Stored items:
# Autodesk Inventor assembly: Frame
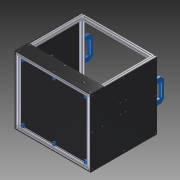
[picture p0: Inventor's stored thumbnail of the model, 180x180]
Saved by Autodesk Inventor 2015 SP1 (Build 190203100, 203)
## iProperties
Created: 2014-08-02
Part Number: Frame
Document SubType Name: Assembly
Designer: Jack
Mass: 9359.12 g
Surface Area: 35492.7 cm^2
Volume: 6557 cm^3
Density: 1.42735 g/cm^3
Author: Jack
Title: Frame
## Documents named in this file (25)
- C:\Users\Jack\ownCloud\Projects\CrossBot\InventorModel\Frame\Frame.iam
- C:\Users\Jack\ownCloud\Projects\CrossBot\InventorModel\Frame\FrameFrontBack.ipt
- C:\Users\Jack\ownCloud\Projects\CrossBot\InventorModel\Frame\FrameSide.ipt
- C:\Users\Jack\ownCloud\Projects\CrossBot\InventorModel\Frame\FrameUpright.ipt
- C:\Users\Jack\ownCloud\Projects\CrossBot\InventorModel\Hardware\Bolts\BlindExtrusionScrew\M5x20BlindScrew.ipt
- C:\Users\Jack\ownCloud\Projects\CrossBot\InventorModel\Frame\FrameExtruderVerticalSupport.ipt
- C:\Users\Jack\ownCloud\Projects\CrossBot\InventorModel\Enclosure\EnclosurePanelBack.ipt
- C:\Users\Jack\ownCloud\Projects\CrossBot\InventorModel\Enclosure\EnclosurePanelBottomFront.ipt
- C:\Users\Jack\ownCloud\Projects\CrossBot\InventorModel\Enclosure\ElectronicsLowerPanel.ipt
- C:\Users\Jack\ownCloud\Projects\CrossBot\InventorModel\Hardware\FrameBrace\FrameBraceHBLFSN5-4.ipt
- C:\Users\Jack\ownCloud\Projects\CrossBot\InventorModel\Enclosure\ElectronicsTopPanel.ipt
- C:\Users\Jack\ownCloud\Projects\CrossBot\InventorModel\Hardware\Bolts\SHCS\SHCS4\SHCS4x10.ipt
- C:\Users\Jack\ownCloud\Projects\CrossBot\InventorModel\Hardware\Nuts\ExtrusionNuts\ExtrusionNutLockHNTR5-4.ipt
- C:\Users\Jack\ownCloud\Projects\CrossBot\InventorModel\Hardware\Bolts\FHS\FHS4\FHS4x10.ipt
- C:\Users\Jack\ownCloud\Projects\CrossBot\InventorModel\Enclosure\EnclosurePanelLeft.ipt
- C:\Users\Jack\ownCloud\Projects\CrossBot\InventorModel\Enclosure\EnclosurePanelRight.ipt
- C:\Users\Jack\ownCloud\Projects\CrossBot\InventorModel\Enclosure\PanelMount.ipt
- C:\Users\Jack\ownCloud\Projects\CrossBot\InventorModel\Hardware\BoltWashers\BoltWasher3\BoltWasher3x18.iam
- C:\Users\Jack\ownCloud\Projects\CrossBot\InventorModel\Hardware\Nuts\Nut3.ipt
- C:\Users\Jack\ownCloud\Projects\CrossBot\InventorModel\Enclosure\PanelLedge.ipt
- C:\Users\Jack\ownCloud\Projects\CrossBot\InventorModel\Hardware\Nuts\ExtrusionNuts\ExtrusionNutHNKK5_4.ipt
- C:\Users\Jack\ownCloud\Projects\CrossBot\InventorModel\Enclosure\SpoolHolder\SpoolHolderSingle.ipt
- C:\Users\Jack\ownCloud\Projects\CrossBot\InventorModel\Hardware\Nuts\Nut4.ipt
- C:\Users\Jack\ownCloud\Projects\CrossBot\InventorModel\Enclosure\FrameHandle.ipt
- C:\Users\Jack\ownCloud\Projects\CrossBot\InventorModel\Hardware\Nuts\ExtrusionNuts\ExtrusionNutHNKK5_5.ipt
## Components (217 placed, 24 different names)
1. FrameSide:6 — Mate:66, Flush:32, Flush:33, Mate:136, Mate:181, Mate:183, Angle:21, Mate:328, Mate:460, Mate:498, Mate:500, Angle:62, Mate:513
2. FrameSide:5 — Mate:64, Flush:28, Flush:30, Mate:138, Mate:180, Mate:184, Angle:36, Angle:51, Mate:398, Mate:497, Mate:499, Angle:63, Mate:512
3. FrameSide:4 — Mate:52, Flush:23, Flush:25, Flush:26, Angle:35, Angle:50, Mate:397, Mate:437, Mate:438
4. FrameSide:3 — Mate:51, Flush:22, Flush:27, Angle:20, Mate:329, Mate:436, Mate:439, Mate:440
5. FrameSide:1 — Mate:1, Flush:1, Flush:2, Mate:3, Flush:5, Flush:6, Mate:18, Mate:22, Angle:25, Mate:342, Flush:114, Mate:363, Angle:95, Angle:96, Mate:616, Mate:617, Flush:165, Mate:618
6. FrameSide:2 — Mate:6, Flush:11, Flush:12, Mate:7, Mate:25, Mate:26, Mate:343, Flush:113, Angle:40, Mate:379, Angle:93, Mate:609, Mate:610, Flush:164, Angle:94, Mate:612
7. FrameExtruderVerticalSupport:1 — Mate:67, Flush:37, Mate:69, Mate:123, Flush:64, Mate:176, Mate:178, Mate:524, Angle:67
8. FrameExtruderVerticalSupport:2 — Mate:68, Flush:36, Mate:70, Mate:124, Flush:65, Mate:177, Mate:179, Mate:522, Angle:68
9. FrameUpright:1 — Mate:1, Flush:1, Flush:2, Mate:2, Flush:3, Flush:4, Mate:42, Mate:43, Mate:48, Mate:49, Mate:53, Flush:21, Flush:22, Mate:61, Mate:62, Mate:65, Mate:66, Flush:33, Flush:34, Mate:70, Flush:69, Mate:132, Mate:191, Mate:199, Angle:22, Angle:23, Angle:24, Mate:325, Mate:326, Mate:327, Angle:47, Angle:48, Angle:49, Mate:390, Mate:391, Mate:392, Mate:523, Angle:69
10. FrameUpright:2 — Mate:3, Flush:5, Flush:6, Mate:5, Flush:9, Flush:10, Mate:12, Mate:13, Mate:19, Mate:21, Mate:36, Mate:37, Mate:50, Mate:51, Mate:54, Mate:55, Mate:56, Flush:61, Mate:137, Flush:71, Mate:192, Mate:193, Mate:281, Angle:17, Angle:18, Mate:323, Angle:19, Mate:324, Angle:26, Angle:27, Mate:338, Mate:339, Flush:115, Mate:517, Angle:65
11. FrameUpright:3 — Mate:7, Mate:8, Flush:13, Mate:38, Mate:39, Mate:46, Mate:47, Mate:52, Flush:23, Flush:24, Mate:57, Mate:58, Mate:63, Mate:64, Flush:28, Flush:29, Mate:139, Flush:72, Mate:194, Mate:195, Angle:28, Angle:29, Mate:336, Mate:337, Flush:116, Mate:365, Angle:32, Mate:367, Mate:369, Angle:33, Angle:34, Mate:515, Angle:64
12. FrameUpright:4 — Mate:4, Flush:7, Flush:8, Mate:6, Flush:11, Flush:12, Mate:40, Mate:41, Mate:44, Mate:45, Mate:59, Mate:60, Mate:69, Mate:134, Flush:70, Mate:190, Mate:198, Mate:373, Angle:37, Mate:375, Angle:38, Mate:377, Angle:39, Flush:135, Mate:381, Angle:41, Angle:43, Angle:44, Mate:395, Mate:396, Mate:525, Angle:66
13. FrameFrontBack:3 — Mate:50, Flush:24, Flush:25, Mate:54, Flush:35, Flush:39, Angle:31, Mate:341, Mate:430, Mate:431, Mate:432, Angle:83, Angle:84, Angle:85, Mate:596, Mate:597, Mate:598, Mate:599
14. FrameFrontBack:6 — Mate:65, Flush:34, Mate:67, Mate:68, Flush:36, Flush:37, Mate:122, Mate:125, Mate:130, Mate:135, Mate:186, Mate:187, Mate:196, Mate:197, Angle:45, Mate:393, Mate:490, Mate:492, Angle:58, Mate:503, Mate:505, Angle:59, Angle:60, Angle:61, Mate:508, Mate:509, Angle:81, Angle:82, Mate:594, Mate:603
15. FrameFrontBack:5 — Mate:63, Flush:29, Flush:30, Flush:32, Flush:35, Mate:73, Mate:182, Mate:185, Angle:30, Mate:340, Mate:447, Flush:138, Mate:488, Mate:489, Angle:86, Angle:87, Angle:88, Mate:600, Mate:604
16. FrameFrontBack:4 — Mate:53, Flush:21, Flush:26, Flush:27, Flush:44, Angle:46, Mate:394, Mate:433, Mate:435, Mate:570, Flush:151, Angle:89, Angle:90, Angle:91, Mate:595, Mate:601, Mate:602
17. FrameFrontBack:1 — Mate:2, Flush:3, Flush:4, Mate:4, Flush:7, Flush:8, Mate:23, Mate:24, Mate:76, Mate:188, Mate:189, Angle:42, Mate:399
18. FrameFrontBack:2 — Mate:5, Flush:9, Flush:10, Mate:8, Flush:13, Flush:20, Mate:20, Mate:27
19. FrameHandle:1 — Mate:610, Flush:164, Mate:611, Mate:613
20. ExtrusionNutHNKK5_5:1 — Angle:93, Mate:609, Mate:611
21. ExtrusionNutHNKK5_5:2 — Angle:94, Mate:612, Mate:613
22. FrameHandle:2 — Flush:165, Mate:618
23. ExtrusionNutHNKK5_5:3 — Angle:95, Mate:616
24. ExtrusionNutHNKK5_5:4 — Angle:96, Mate:617
25. ExtrusionNutHNKK5_4:17 — Mate:583, Angle:89, Mate:602
26. ExtrusionNutHNKK5_4:18 — Mate:584, Angle:90, Mate:601
27. ExtrusionNutHNKK5_4:19 — Mate:585, Angle:91, Mate:595
28. ExtrusionNutHNKK5_4:20 — Mate:586, Angle:85, Mate:596
29. ExtrusionNutHNKK5_4:21 — Mate:587, Angle:84, Mate:598
30. ExtrusionNutHNKK5_4:22 — Mate:588, Angle:83, Mate:599
31. FHS4x10:43 — Mate:576, Flush:155, Mate:583
32. FHS4x10:47 — Mate:572, Flush:156, Mate:584
33. FHS4x10:46 — Mate:573, Flush:157, Mate:585
34. FHS4x10:51 — Mate:581, Flush:162, Mate:587
35. FHS4x10:52 — Mate:582, Flush:163, Mate:588
36. FHS4x10:50 — Mate:580, Flush:161, Mate:586
37. PanelLedge:6 — Mate:570, Flush:151, Mate:571, Mate:572, Flush:156, Flush:158
38. Nut3:1 — Mate:480, Angle:54, Mate:481
39. Nut3:2 — Mate:482, Mate:483, Angle:55
40. Nut3:3 — Mate:478, Mate:479, Angle:53
41. Nut3:4 — Mate:484, Mate:485, Angle:56
42. Nut3:5 — Mate:486, Mate:487, Angle:57
43. BoltWasher3x18:1 [sub-assembly] — Mate:468, Mate:470, Mate:484
44. BoltWasher3x18:2 [sub-assembly] — Mate:464, Mate:472, Mate:480
45. BoltWasher3x18:3 [sub-assembly] — Mate:469, Mate:471, Mate:486
46. BoltWasher3x18:4 [sub-assembly] — Mate:467, Mate:474, Mate:482
47. BoltWasher3x18:5 [sub-assembly] — Mate:466, Mate:475, Mate:478
48. PanelMount:2 — Mate:427, Mate:435, Mate:436, Mate:462, Angle:54, Mate:481, Mate:576, Flush:155
49. PanelMount:4 — Mate:429, Mate:433, Mate:437, Mate:463, Mate:479, Angle:53, Mate:573, Flush:157
50. PanelMount:1 — Mate:425, Mate:430, Mate:438, Mate:483, Angle:55, Mate:580, Flush:161
51. PanelMount:6 — Mate:424, Mate:431, Mate:440, Mate:485, Angle:56, Flush:158, Mate:581, Flush:162
52. PanelMount:5 — Mate:426, Mate:432, Mate:439, Mate:487, Angle:57, Mate:582, Flush:163
53. ElectronicsLowerPanel:1 — Mate:424, Mate:425, Mate:426, Mate:427, Mate:429, Mate:462, Mate:463, Mate:464, Mate:466, Mate:467, Mate:468, Mate:469, Mate:470, Mate:471, Mate:472, Mate:474, Mate:475, Mate:571
54. ExtrusionNutHNKK5_4:23 — Mate:589, Angle:88, Mate:600
55. ExtrusionNutHNKK5_4:24 — Mate:590, Angle:87, Mate:597
56. ExtrusionNutHNKK5_4:25 — Mate:591, Angle:86
57. ExtrusionNutHNKK5_4:26 — Mate:592, Angle:81, Mate:594
58. ExtrusionNutHNKK5_4:27 — Mate:593, Angle:82, Mate:603
59. Nut3:6 — Mate:607, Mate:608, Angle:92
60. BoltWasher3x18:6 [sub-assembly] — Mate:605, Mate:606, Mate:607
61. FHS4x10:45 — Mate:574, Flush:154, Mate:591
62. FHS4x10:44 — Mate:575, Flush:153, Mate:590
63. FHS4x10:42 — Mate:577, Flush:152, Mate:589
64. FHS4x10:49 — Mate:579, Flush:160, Mate:593
65. FHS4x10:48 — Mate:578, Flush:159, Mate:592
66. PanelLedge:1 — Mate:490, Mate:493, Mate:500, Mate:579, Flush:160
67. PanelLedge:3 — Mate:492, Mate:494, Mate:499, Mate:578, Flush:159
68. PanelLedge:4 — Mate:489, Mate:496, Mate:498, Mate:577, Flush:152
69. PanelLedge:5 — Mate:488, Mate:495, Mate:497, Mate:574, Flush:154
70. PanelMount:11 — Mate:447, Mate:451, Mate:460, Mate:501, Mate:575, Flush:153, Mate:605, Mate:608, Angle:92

= PROBLEM DETAILS =
Go through the data and gather every line that holds "ElectronicsLowerPanel".

= EXERCISE ANSWER =
- C:\Users\Jack\ownCloud\Projects\CrossBot\InventorModel\Enclosure\ElectronicsLowerPanel.ipt
53. ElectronicsLowerPanel:1 — Mate:424, Mate:425, Mate:426, Mate:427, Mate:429, Mate:462, Mate:463, Mate:464, Mate:466, Mate:467, Mate:468, Mate:469, Mate:470, Mate:471, Mate:472, Mate:474, Mate:475, Mate:571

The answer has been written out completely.